Ask HN - Dropped out of college, how do I rediscover learning code - therofler

I&#x27;ve recently dropped out of college as I simply felt like I wasn&#x27;t learning anything whilst being there, and that I hated it. I am now completely demotivated but I love the idea of being able to code. I also have a ton of projects I have always wanted to build.<p>I would love some advice on whats the best way for me to motivate myself, and whats the best way for me to rediscover the enjoyment of learning code.
======
fiblye
I found that the easiest thing to work on that gives you a feeling of constant
progress while also forcing you to learn a vast array of skills is game
development. Making games requires you to learn about data structures,
algorithms, optimization, and providing a good user experience all while
making something that's enjoyable for yourself. Even if you don't ever plan on
making games in the future, the process makes you seek out new knowledge and
better methods of implementing everything, plus it also gives you the chance
to work with a bunch of different areas of design (UI, controls, AI, possibly
networking, graphics/shaders, and loads else), so you might find one subject
you like more than the others and discover your specialty.

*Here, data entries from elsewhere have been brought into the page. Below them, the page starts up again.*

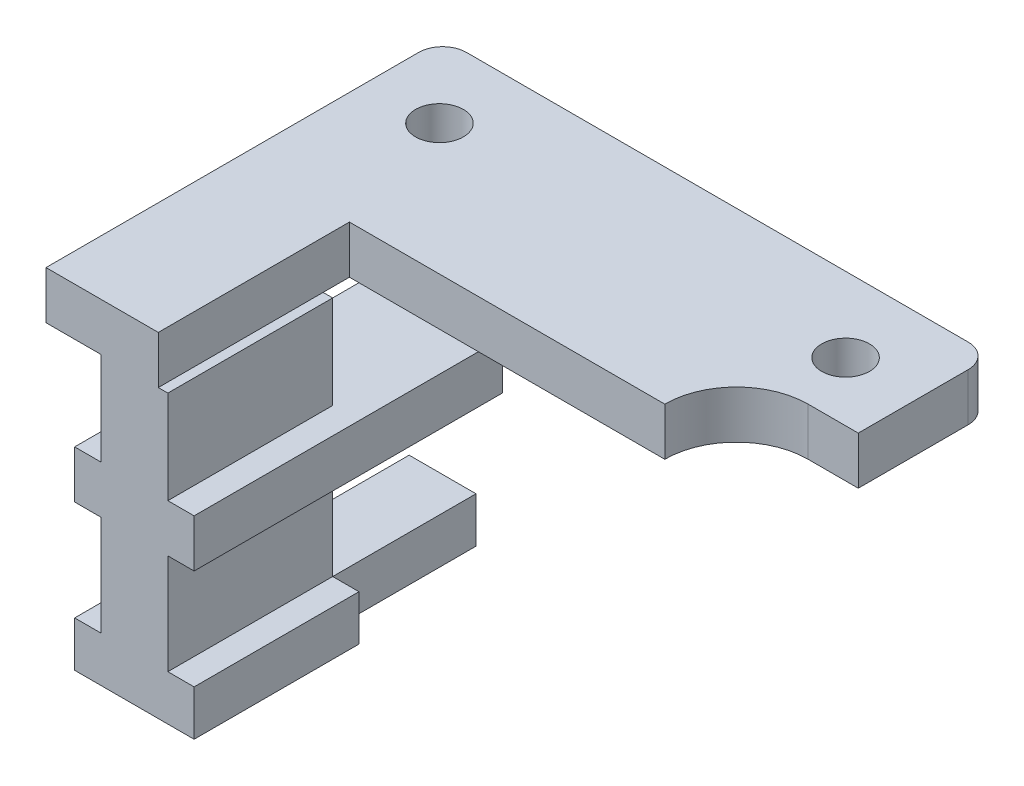
ISO-10303-21;
HEADER;
FILE_DESCRIPTION(('STEP AP214'),'2;1');
FILE_NAME('part.step','',(''),(''),'','','');
FILE_SCHEMA(('AUTOMOTIVE_DESIGN { 1 0 10303 214 1 1 1 1 }'));
ENDSEC;
DATA;
#1=APPLICATION_CONTEXT('core data for automotive mechanical design processes');
#2=APPLICATION_PROTOCOL_DEFINITION('international standard','automotive_design',2000,#1);
#3=PRODUCT_CONTEXT('',#1,'mechanical');
#4=PRODUCT('Part','Part','',(#3));
#5=PRODUCT_RELATED_PRODUCT_CATEGORY('part','',(#4));
#6=PRODUCT_DEFINITION_FORMATION('','',#4);
#7=PRODUCT_DEFINITION_CONTEXT('part definition',#1,'design');
#8=PRODUCT_DEFINITION('design','',#6,#7);
#9=PRODUCT_DEFINITION_SHAPE('','',#8);
#10=(LENGTH_UNIT() NAMED_UNIT(*) SI_UNIT(.MILLI.,.METRE.));
#11=(NAMED_UNIT(*) PLANE_ANGLE_UNIT() SI_UNIT($,.RADIAN.));
#12=(NAMED_UNIT(*) SI_UNIT($,.STERADIAN.) SOLID_ANGLE_UNIT());
#13=UNCERTAINTY_MEASURE_WITH_UNIT(LENGTH_MEASURE(1.E-05),#10,'distance_accuracy_value','');
#14=(GEOMETRIC_REPRESENTATION_CONTEXT(3) GLOBAL_UNCERTAINTY_ASSIGNED_CONTEXT((#13)) GLOBAL_UNIT_ASSIGNED_CONTEXT((#10,
#11,#12)) REPRESENTATION_CONTEXT('',''));
#15=CARTESIAN_POINT('',(0.,0.,0.));
#16=DIRECTION('',(0.,0.,1.));
#17=DIRECTION('',(1.,0.,0.));
#18=AXIS2_PLACEMENT_3D('',#15,#16,#17);
#19=CARTESIAN_POINT('',(0.,0.,1.1));
#20=DIRECTION('',(0.,0.,1.));
#21=DIRECTION('',(1.,0.,0.));
#22=AXIS2_PLACEMENT_3D('',#19,#20,#21);
#23=PLANE('',#22);
#24=DIRECTION('',(0.,1.,0.));
#25=VECTOR('',#24,1.);
#26=CARTESIAN_POINT('',(-6.2,2.,1.1));
#27=LINE('',#26,#25);
#28=CARTESIAN_POINT('',(-6.2,-3.9,1.1));
#29=VERTEX_POINT('',#28);
#30=CARTESIAN_POINT('',(-6.2,0.,1.1));
#31=VERTEX_POINT('',#30);
#32=EDGE_CURVE('E350',#29,#31,#27,.T.);
#33=ORIENTED_EDGE('',*,*,#32,.F.);
#34=DIRECTION('',(-1.,0.,0.));
#35=VECTOR('',#34,1.);
#36=CARTESIAN_POINT('',(0.,-3.9,1.1));
#37=LINE('',#36,#35);
#38=CARTESIAN_POINT('',(-9.00000000000001,-3.9,1.1));
#39=VERTEX_POINT('',#38);
#40=EDGE_CURVE('E296',#29,#39,#37,.T.);
#41=ORIENTED_EDGE('',*,*,#40,.T.);
#42=DIRECTION('',(0.,-1.,0.));
#43=VECTOR('',#42,1.);
#44=CARTESIAN_POINT('',(-9.00000000000001,2.,1.1));
#45=LINE('',#44,#43);
#46=CARTESIAN_POINT('',(-9.00000000000001,0.,1.1));
#47=VERTEX_POINT('',#46);
#48=EDGE_CURVE('E361',#47,#39,#45,.T.);
#49=ORIENTED_EDGE('',*,*,#48,.F.);
#50=DIRECTION('',(-1.,0.,0.));
#51=VECTOR('',#50,1.);
#52=CARTESIAN_POINT('',(-6.6,0.,1.1));
#53=LINE('',#52,#51);
#54=CARTESIAN_POINT('',(-6.6,0.,1.1));
#55=VERTEX_POINT('',#54);
#56=EDGE_CURVE('E360',#55,#47,#53,.T.);
#57=ORIENTED_EDGE('',*,*,#56,.F.);
#58=EDGE_CURVE('E355',#31,#55,#53,.T.);
#59=ORIENTED_EDGE('',*,*,#58,.F.);
#60=EDGE_LOOP('',(#33,#41,#49,#57,#59));
#61=FACE_BOUND('',#60,.T.);
#62=ADVANCED_FACE('F39',(#61),#23,.F.);
#63=CARTESIAN_POINT('',(-9.00000000000001,2.,1.1));
#64=DIRECTION('',(-1.,0.,0.));
#65=DIRECTION('',(0.,0.,1.));
#66=AXIS2_PLACEMENT_3D('',#63,#64,#65);
#67=PLANE('',#66);
#68=DIRECTION('',(0.,0.,-1.));
#69=VECTOR('',#68,1.);
#70=CARTESIAN_POINT('',(-9.00000000000001,-3.9,1.1));
#71=LINE('',#70,#69);
#72=CARTESIAN_POINT('',(-9.00000000000001,-3.9,8.));
#73=VERTEX_POINT('',#72);
#74=EDGE_CURVE('E300',#73,#39,#71,.T.);
#75=ORIENTED_EDGE('',*,*,#74,.F.);
#76=DIRECTION('',(0.,-1.,0.));
#77=VECTOR('',#76,1.);
#78=CARTESIAN_POINT('',(-9.00000000000001,2.,8.));
#79=LINE('',#78,#77);
#80=CARTESIAN_POINT('',(-9.00000000000001,0.,8.));
#81=VERTEX_POINT('',#80);
#82=EDGE_CURVE('E394',#81,#73,#79,.T.);
#83=ORIENTED_EDGE('',*,*,#82,.F.);
#84=DIRECTION('',(0.,0.,1.));
#85=VECTOR('',#84,1.);
#86=CARTESIAN_POINT('',(-9.00000000000001,0.,1.1));
#87=LINE('',#86,#85);
#88=EDGE_CURVE('E409',#47,#81,#87,.T.);
#89=ORIENTED_EDGE('',*,*,#88,.F.);
#90=ORIENTED_EDGE('',*,*,#48,.T.);
#91=EDGE_LOOP('',(#75,#83,#89,#90));
#92=FACE_BOUND('',#91,.T.);
#93=ADVANCED_FACE('F625',(#92),#67,.T.);
#94=CARTESIAN_POINT('',(-6.2,2.,1.1));
#95=DIRECTION('',(1.,0.,0.));
#96=DIRECTION('',(0.,0.,-1.));
#97=AXIS2_PLACEMENT_3D('',#94,#95,#96);
#98=PLANE('',#97);
#99=DIRECTION('',(0.,0.,1.));
#100=VECTOR('',#99,1.);
#101=CARTESIAN_POINT('',(-6.2,-3.9,1.1));
#102=LINE('',#101,#100);
#103=CARTESIAN_POINT('',(-6.2,-3.9,8.));
#104=VERTEX_POINT('',#103);
#105=EDGE_CURVE('E11',#29,#104,#102,.T.);
#106=ORIENTED_EDGE('',*,*,#105,.F.);
#107=ORIENTED_EDGE('',*,*,#32,.T.);
#108=DIRECTION('',(0.,0.,1.));
#109=VECTOR('',#108,1.);
#110=CARTESIAN_POINT('',(-6.2,0.,1.1));
#111=LINE('',#110,#109);
#112=CARTESIAN_POINT('',(-6.2,0.,8.));
#113=VERTEX_POINT('',#112);
#114=EDGE_CURVE('E413',#31,#113,#111,.T.);
#115=ORIENTED_EDGE('',*,*,#114,.T.);
#116=DIRECTION('',(0.,1.,0.));
#117=VECTOR('',#116,1.);
#118=CARTESIAN_POINT('',(-6.2,2.,8.));
#119=LINE('',#118,#117);
#120=EDGE_CURVE('E384',#104,#113,#119,.T.);
#121=ORIENTED_EDGE('',*,*,#120,.F.);
#122=EDGE_LOOP('',(#106,#107,#115,#121));
#123=FACE_BOUND('',#122,.T.);
#124=ADVANCED_FACE('F595',(#123),#98,.T.);
#125=DIRECTION('',(-1.,0.,0.));
#126=VECTOR('',#125,1.);
#127=CARTESIAN_POINT('',(-6.6,-10.1,1.1));
#128=LINE('',#127,#126);
#129=CARTESIAN_POINT('',(-9.00000000000001,-10.1,1.09999999999999));
#130=VERTEX_POINT('',#129);
#131=CARTESIAN_POINT('',(-10.1,-10.1,1.1));
#132=VERTEX_POINT('',#131);
#133=EDGE_CURVE('E365',#130,#132,#128,.T.);
#134=ORIENTED_EDGE('',*,*,#133,.F.);
#135=DIRECTION('',(0.,-1.,0.));
#136=VECTOR('',#135,1.);
#137=CARTESIAN_POINT('',(-9.00000000000001,0.,1.1));
#138=LINE('',#137,#136);
#139=CARTESIAN_POINT('',(-9.00000000000001,-12.,1.09999999999999));
#140=VERTEX_POINT('',#139);
#141=EDGE_CURVE('E557',#130,#140,#138,.T.);
#142=ORIENTED_EDGE('',*,*,#141,.T.);
#143=DIRECTION('',(1.,0.,0.));
#144=VECTOR('',#143,1.);
#145=CARTESIAN_POINT('',(-6.6,-12.,1.1));
#146=LINE('',#145,#144);
#147=CARTESIAN_POINT('',(-10.1,-12.,1.1));
#148=VERTEX_POINT('',#147);
#149=EDGE_CURVE('E338',#148,#140,#146,.T.);
#150=ORIENTED_EDGE('',*,*,#149,.F.);
#151=DIRECTION('',(0.,-1.,0.));
#152=VECTOR('',#151,1.);
#153=CARTESIAN_POINT('',(-10.1,2.,1.1));
#154=LINE('',#153,#152);
#155=EDGE_CURVE('E332',#132,#148,#154,.T.);
#156=ORIENTED_EDGE('',*,*,#155,.F.);
#157=EDGE_LOOP('',(#134,#142,#150,#156));
#158=FACE_BOUND('',#157,.T.);
#159=ADVANCED_FACE('F672',(#158),#23,.F.);
#160=CARTESIAN_POINT('',(-9.00000000000001,-5.9,1.1));
#161=VERTEX_POINT('',#160);
#162=EDGE_CURVE('E359',#161,#130,#45,.T.);
#163=ORIENTED_EDGE('',*,*,#162,.F.);
#164=DIRECTION('',(1.,0.,0.));
#165=VECTOR('',#164,1.);
#166=CARTESIAN_POINT('',(0.,-5.9,1.1));
#167=LINE('',#166,#165);
#168=CARTESIAN_POINT('',(-6.2,-5.9,1.1));
#169=VERTEX_POINT('',#168);
#170=EDGE_CURVE('E284',#161,#169,#167,.T.);
#171=ORIENTED_EDGE('',*,*,#170,.T.);
#172=CARTESIAN_POINT('',(-6.2,-10.1,1.09999999999999));
#173=VERTEX_POINT('',#172);
#174=EDGE_CURVE('E351',#173,#169,#27,.T.);
#175=ORIENTED_EDGE('',*,*,#174,.F.);
#176=DIRECTION('',(-1.,0.,0.));
#177=VECTOR('',#176,1.);
#178=CARTESIAN_POINT('',(0.,-10.1,1.1));
#179=LINE('',#178,#177);
#180=EDGE_CURVE('E553',#173,#130,#179,.T.);
#181=ORIENTED_EDGE('',*,*,#180,.T.);
#182=EDGE_LOOP('',(#163,#171,#175,#181));
#183=FACE_BOUND('',#182,.T.);
#184=ADVANCED_FACE('F568',(#183),#23,.F.);
#185=CARTESIAN_POINT('',(9.6,2.,0.));
#186=DIRECTION('',(0.,1.,0.));
#187=DIRECTION('',(0.,0.,1.));
#188=AXIS2_PLACEMENT_3D('',#185,#186,#187);
#189=PLANE('',#188);
#190=CARTESIAN_POINT('',(-8.3,2.,-5.46956521739131));
#191=DIRECTION('',(0.,1.,0.));
#192=DIRECTION('',(0.,0.,1.));
#193=AXIS2_PLACEMENT_3D('',#190,#191,#192);
#194=CIRCLE('',#193,1.);
#195=CARTESIAN_POINT('',(-8.3,2.,-4.46956521739131));
#196=VERTEX_POINT('',#195);
#197=EDGE_CURVE('E437',#196,#196,#194,.T.);
#198=ORIENTED_EDGE('',*,*,#197,.F.);
#199=EDGE_LOOP('',(#198));
#200=FACE_BOUND('',#199,.T.);
#201=DIRECTION('',(1.,0.,0.));
#202=VECTOR('',#201,1.);
#203=CARTESIAN_POINT('',(11.7,2.,-3.));
#204=LINE('',#203,#202);
#205=CARTESIAN_POINT('',(9.6,2.,-3.));
#206=VERTEX_POINT('',#205);
#207=CARTESIAN_POINT('',(11.7,2.,-3.));
#208=VERTEX_POINT('',#207);
#209=EDGE_CURVE('E445',#206,#208,#204,.T.);
#210=ORIENTED_EDGE('',*,*,#209,.T.);
#211=DIRECTION('',(0.,0.,-1.));
#212=VECTOR('',#211,1.);
#213=CARTESIAN_POINT('',(11.7,2.,-3.));
#214=LINE('',#213,#212);
#215=CARTESIAN_POINT('',(11.7,2.,-7.6));
#216=VERTEX_POINT('',#215);
#217=EDGE_CURVE('E449',#208,#216,#214,.T.);
#218=ORIENTED_EDGE('',*,*,#217,.T.);
#219=CARTESIAN_POINT('',(10.7,2.,-7.6));
#220=DIRECTION('',(0.,1.,0.));
#221=DIRECTION('',(0.,0.,1.));
#222=AXIS2_PLACEMENT_3D('',#219,#220,#221);
#223=CIRCLE('',#222,1.);
#224=CARTESIAN_POINT('',(10.7,2.,-8.6));
#225=VERTEX_POINT('',#224);
#226=EDGE_CURVE('E453',#216,#225,#223,.T.);
#227=ORIENTED_EDGE('',*,*,#226,.T.);
#228=DIRECTION('',(-1.,0.,0.));
#229=VECTOR('',#228,1.);
#230=CARTESIAN_POINT('',(10.7,2.,-8.6));
#231=LINE('',#230,#229);
#232=CARTESIAN_POINT('',(-10.3,2.,-8.6));
#233=VERTEX_POINT('',#232);
#234=EDGE_CURVE('E456',#225,#233,#231,.T.);
#235=ORIENTED_EDGE('',*,*,#234,.T.);
#236=CARTESIAN_POINT('',(-10.3,2.,-7.6));
#237=DIRECTION('',(0.,1.,0.));
#238=DIRECTION('',(0.,0.,1.));
#239=AXIS2_PLACEMENT_3D('',#236,#237,#238);
#240=CIRCLE('',#239,0.999999999999999);
#241=CARTESIAN_POINT('',(-11.3,2.,-7.6));
#242=VERTEX_POINT('',#241);
#243=EDGE_CURVE('E459',#233,#242,#240,.T.);
#244=ORIENTED_EDGE('',*,*,#243,.T.);
#245=DIRECTION('',(0.,0.,1.));
#246=VECTOR('',#245,1.);
#247=CARTESIAN_POINT('',(-11.3,2.,8.));
#248=LINE('',#247,#246);
#249=CARTESIAN_POINT('',(-11.3,2.,8.));
#250=VERTEX_POINT('',#249);
#251=EDGE_CURVE('E462',#242,#250,#248,.T.);
#252=ORIENTED_EDGE('',*,*,#251,.T.);
#253=DIRECTION('',(1.,0.,0.));
#254=VECTOR('',#253,1.);
#255=CARTESIAN_POINT('',(-6.6,2.,8.));
#256=LINE('',#255,#254);
#257=CARTESIAN_POINT('',(-6.6,2.,8.));
#258=VERTEX_POINT('',#257);
#259=EDGE_CURVE('E465',#250,#258,#256,.T.);
#260=ORIENTED_EDGE('',*,*,#259,.T.);
#261=DIRECTION('',(0.,0.,-1.));
#262=VECTOR('',#261,1.);
#263=CARTESIAN_POINT('',(-6.6,2.,0.));
#264=LINE('',#263,#262);
#265=CARTESIAN_POINT('',(-6.6,2.,0.));
#266=VERTEX_POINT('',#265);
#267=EDGE_CURVE('E468',#258,#266,#264,.T.);
#268=ORIENTED_EDGE('',*,*,#267,.T.);
#269=DIRECTION('',(1.,0.,0.));
#270=VECTOR('',#269,1.);
#271=CARTESIAN_POINT('',(-6.6,2.,0.));
#272=LINE('',#271,#270);
#273=CARTESIAN_POINT('',(6.6,2.,0.));
#274=VERTEX_POINT('',#273);
#275=EDGE_CURVE('E471',#266,#274,#272,.T.);
#276=ORIENTED_EDGE('',*,*,#275,.T.);
#277=CARTESIAN_POINT('',(9.6,2.,0.));
#278=DIRECTION('',(0.,-1.,0.));
#279=DIRECTION('',(0.,0.,1.));
#280=AXIS2_PLACEMENT_3D('',#277,#278,#279);
#281=CIRCLE('',#280,3.);
#282=EDGE_CURVE('E474',#274,#206,#281,.T.);
#283=ORIENTED_EDGE('',*,*,#282,.T.);
#284=EDGE_LOOP('',(#210,#218,#227,#235,#244,#252,#260,#268,#276,#283));
#285=FACE_BOUND('',#284,.T.);
#286=CARTESIAN_POINT('',(8.7,2.,-5.46956521739131));
#287=DIRECTION('',(0.,1.,0.));
#288=DIRECTION('',(0.,0.,1.));
#289=AXIS2_PLACEMENT_3D('',#286,#287,#288);
#290=CIRCLE('',#289,1.);
#291=CARTESIAN_POINT('',(8.7,2.,-4.46956521739131));
#292=VERTEX_POINT('',#291);
#293=EDGE_CURVE('E429',#292,#292,#290,.T.);
#294=ORIENTED_EDGE('',*,*,#293,.F.);
#295=EDGE_LOOP('',(#294));
#296=FACE_BOUND('',#295,.T.);
#297=ADVANCED_FACE('F609',(#200,#285,#296),#189,.T.);
#298=CARTESIAN_POINT('',(9.6,0.,0.));
#299=DIRECTION('',(0.,1.,0.));
#300=DIRECTION('',(0.,0.,1.));
#301=AXIS2_PLACEMENT_3D('',#298,#299,#300);
#302=PLANE('',#301);
#303=DIRECTION('',(0.,0.,-1.));
#304=VECTOR('',#303,1.);
#305=CARTESIAN_POINT('',(-6.6,0.,0.));
#306=LINE('',#305,#304);
#307=CARTESIAN_POINT('',(-6.6,0.,0.));
#308=VERTEX_POINT('',#307);
#309=EDGE_CURVE('E500',#55,#308,#306,.T.);
#310=ORIENTED_EDGE('',*,*,#309,.F.);
#311=ORIENTED_EDGE('',*,*,#56,.T.);
#312=ORIENTED_EDGE('',*,*,#88,.T.);
#313=DIRECTION('',(1.,0.,0.));
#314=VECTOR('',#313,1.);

As for motivation, that's unfortunately something that you have to find for
yourself. Once you start working on a satisfying project, you won't want to
stop. The hard part is finding something that's satisfying.

------
hpvic03
Everyone is hiring right now, there is a shortage of good devs, and many
companies don't care if you have a degree or not. Pick a language and/or
framework and start working on a portfolio. You will get better each time you
build something new.

I don't know about other communities, but Ruby/Rails is particularly hot right
now.

Also, some companies hire junior devs who specifically haven't had a job
coding before.

Just get at it and start building stuff. You'll learn faster than you might
imagine.

------
mtdewcmu
A tried and true method to create motivation to learn something is to sign up
for a class that you'll get a grade in. You can take college courses without
being in a degree program. Otherwise, I have no idea. I was internally
motivated when I learned to code, way back when I was a child. It's harder to
summon that kind of motivation if you haven't had it already by the time
you're an adult.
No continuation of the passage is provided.